ASMD is one of a group of lysosomal storage disorders that affect cellular metabolism and are caused by genetic mutations. ASMD is a serious and life-threatening disorder caused by insufficient activity of the enzyme acid sphingomyelinase resulting in accumulation of sphingomyelin in multiple organs of the body. Common clinical manifestations include enlarged liver and spleen, liver dysfunction, infiltrative lung disease, bleeding complications, cardiovascular and bone disease, and growth delay. There are currently no approved treatment options for patients with ASMD.

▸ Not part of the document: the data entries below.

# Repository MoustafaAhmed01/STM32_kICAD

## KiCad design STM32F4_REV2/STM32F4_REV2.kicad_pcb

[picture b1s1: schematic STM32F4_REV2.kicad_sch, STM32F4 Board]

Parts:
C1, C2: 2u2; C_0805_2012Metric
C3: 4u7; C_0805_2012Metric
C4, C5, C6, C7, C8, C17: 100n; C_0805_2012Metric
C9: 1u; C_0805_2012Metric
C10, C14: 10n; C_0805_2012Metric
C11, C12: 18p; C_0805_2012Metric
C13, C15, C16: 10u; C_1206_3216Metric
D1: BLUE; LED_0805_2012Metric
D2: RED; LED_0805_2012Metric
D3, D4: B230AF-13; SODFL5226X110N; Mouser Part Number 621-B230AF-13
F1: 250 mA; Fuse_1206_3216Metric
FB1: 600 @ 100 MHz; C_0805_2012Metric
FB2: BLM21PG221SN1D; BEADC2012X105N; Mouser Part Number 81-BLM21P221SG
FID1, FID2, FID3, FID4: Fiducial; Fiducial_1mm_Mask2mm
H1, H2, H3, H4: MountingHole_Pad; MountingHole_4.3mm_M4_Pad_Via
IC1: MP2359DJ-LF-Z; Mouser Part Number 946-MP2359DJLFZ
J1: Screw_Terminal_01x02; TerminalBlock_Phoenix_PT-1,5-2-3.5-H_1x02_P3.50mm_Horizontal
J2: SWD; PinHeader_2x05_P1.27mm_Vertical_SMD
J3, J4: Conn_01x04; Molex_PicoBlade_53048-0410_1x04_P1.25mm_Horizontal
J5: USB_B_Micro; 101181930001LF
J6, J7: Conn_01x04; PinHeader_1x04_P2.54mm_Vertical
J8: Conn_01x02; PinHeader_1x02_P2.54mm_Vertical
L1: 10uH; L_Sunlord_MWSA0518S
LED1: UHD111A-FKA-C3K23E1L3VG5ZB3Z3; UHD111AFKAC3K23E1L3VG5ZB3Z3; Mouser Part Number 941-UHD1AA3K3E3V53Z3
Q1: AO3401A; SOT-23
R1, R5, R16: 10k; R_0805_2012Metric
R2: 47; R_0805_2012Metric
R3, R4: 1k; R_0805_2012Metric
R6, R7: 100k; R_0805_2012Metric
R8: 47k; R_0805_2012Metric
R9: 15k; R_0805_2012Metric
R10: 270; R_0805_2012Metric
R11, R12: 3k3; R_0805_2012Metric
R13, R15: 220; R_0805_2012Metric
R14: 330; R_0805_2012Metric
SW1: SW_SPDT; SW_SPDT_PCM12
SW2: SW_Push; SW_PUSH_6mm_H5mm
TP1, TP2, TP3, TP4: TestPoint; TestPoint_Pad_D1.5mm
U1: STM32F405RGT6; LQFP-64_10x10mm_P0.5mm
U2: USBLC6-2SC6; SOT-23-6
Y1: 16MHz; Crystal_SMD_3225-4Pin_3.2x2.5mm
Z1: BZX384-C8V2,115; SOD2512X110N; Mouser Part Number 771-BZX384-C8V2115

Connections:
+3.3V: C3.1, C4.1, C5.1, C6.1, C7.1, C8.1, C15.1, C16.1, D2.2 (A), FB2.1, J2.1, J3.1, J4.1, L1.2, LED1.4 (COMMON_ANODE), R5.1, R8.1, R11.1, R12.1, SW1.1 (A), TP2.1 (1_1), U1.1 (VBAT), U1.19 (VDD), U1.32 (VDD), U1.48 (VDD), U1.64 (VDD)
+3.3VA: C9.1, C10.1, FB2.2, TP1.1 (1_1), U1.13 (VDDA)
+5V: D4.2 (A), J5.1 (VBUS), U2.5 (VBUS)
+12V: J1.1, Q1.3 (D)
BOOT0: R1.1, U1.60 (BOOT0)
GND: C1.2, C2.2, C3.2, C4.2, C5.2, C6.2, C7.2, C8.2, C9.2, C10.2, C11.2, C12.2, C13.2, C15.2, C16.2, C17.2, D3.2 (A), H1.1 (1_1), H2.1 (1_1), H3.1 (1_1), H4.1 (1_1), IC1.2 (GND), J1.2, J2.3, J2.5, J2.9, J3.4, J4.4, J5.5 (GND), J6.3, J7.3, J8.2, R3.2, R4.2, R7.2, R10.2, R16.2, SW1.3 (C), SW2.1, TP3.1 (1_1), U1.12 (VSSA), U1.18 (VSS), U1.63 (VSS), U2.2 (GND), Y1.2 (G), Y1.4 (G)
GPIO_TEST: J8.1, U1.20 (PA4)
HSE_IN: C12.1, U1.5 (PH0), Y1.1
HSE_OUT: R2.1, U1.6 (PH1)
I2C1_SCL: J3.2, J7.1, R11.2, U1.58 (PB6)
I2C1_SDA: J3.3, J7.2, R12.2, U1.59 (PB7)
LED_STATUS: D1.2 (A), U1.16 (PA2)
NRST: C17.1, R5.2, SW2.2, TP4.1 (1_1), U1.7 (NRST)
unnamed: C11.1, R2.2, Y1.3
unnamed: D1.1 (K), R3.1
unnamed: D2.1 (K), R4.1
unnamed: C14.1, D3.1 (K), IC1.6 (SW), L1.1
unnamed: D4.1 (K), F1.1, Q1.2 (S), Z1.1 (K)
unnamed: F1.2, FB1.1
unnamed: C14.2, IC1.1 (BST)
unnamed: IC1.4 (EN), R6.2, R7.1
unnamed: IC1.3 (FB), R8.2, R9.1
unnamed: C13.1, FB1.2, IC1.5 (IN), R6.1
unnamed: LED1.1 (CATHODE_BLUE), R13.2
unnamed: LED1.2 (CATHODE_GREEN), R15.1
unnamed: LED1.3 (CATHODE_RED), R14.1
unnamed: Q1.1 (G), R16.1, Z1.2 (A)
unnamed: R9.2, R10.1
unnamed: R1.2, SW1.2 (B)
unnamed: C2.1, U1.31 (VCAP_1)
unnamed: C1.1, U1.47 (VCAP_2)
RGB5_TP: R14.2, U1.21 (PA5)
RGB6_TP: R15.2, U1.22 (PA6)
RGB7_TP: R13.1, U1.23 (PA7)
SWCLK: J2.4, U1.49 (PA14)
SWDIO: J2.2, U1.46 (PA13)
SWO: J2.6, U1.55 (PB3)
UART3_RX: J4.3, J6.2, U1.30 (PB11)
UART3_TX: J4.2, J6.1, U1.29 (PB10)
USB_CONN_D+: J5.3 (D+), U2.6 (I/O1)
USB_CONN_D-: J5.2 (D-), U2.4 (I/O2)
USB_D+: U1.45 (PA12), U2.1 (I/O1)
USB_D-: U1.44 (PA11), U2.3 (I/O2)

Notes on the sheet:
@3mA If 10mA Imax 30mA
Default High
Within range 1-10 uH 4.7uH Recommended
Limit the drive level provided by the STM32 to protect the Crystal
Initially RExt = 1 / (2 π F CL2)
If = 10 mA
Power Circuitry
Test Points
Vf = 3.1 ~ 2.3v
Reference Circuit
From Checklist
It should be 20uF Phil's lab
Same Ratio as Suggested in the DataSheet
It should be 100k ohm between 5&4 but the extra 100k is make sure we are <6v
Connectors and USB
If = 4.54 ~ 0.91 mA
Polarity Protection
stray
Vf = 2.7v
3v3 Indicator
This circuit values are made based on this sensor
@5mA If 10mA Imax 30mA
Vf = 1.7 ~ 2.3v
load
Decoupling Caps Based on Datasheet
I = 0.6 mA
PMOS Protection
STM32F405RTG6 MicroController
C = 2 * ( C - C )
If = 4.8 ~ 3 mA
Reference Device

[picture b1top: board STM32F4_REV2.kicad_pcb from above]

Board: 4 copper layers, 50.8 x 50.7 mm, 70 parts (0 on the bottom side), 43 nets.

ASCEND is a Phase 2/3 multi-national, multi-center, double-blinded, placebo-controlled trial to evaluate the efficacy, safety, pharmacodynamics and pharmacokinetics of olipudase alfa administered intravenously once every 2 weeks for 52 weeks in adult patients with ASMD, specifically NPD B. The Phase 2/3 trial will assess the effect of olipudase alfa on spleen size, lung function and other important clinical parameters. Thirty-six patients are expected to be enrolled in the study and receive olipudase alfa or a placebo. Upon completion of the 52 week primary analysis period, all patients will receive treatment in an extension period.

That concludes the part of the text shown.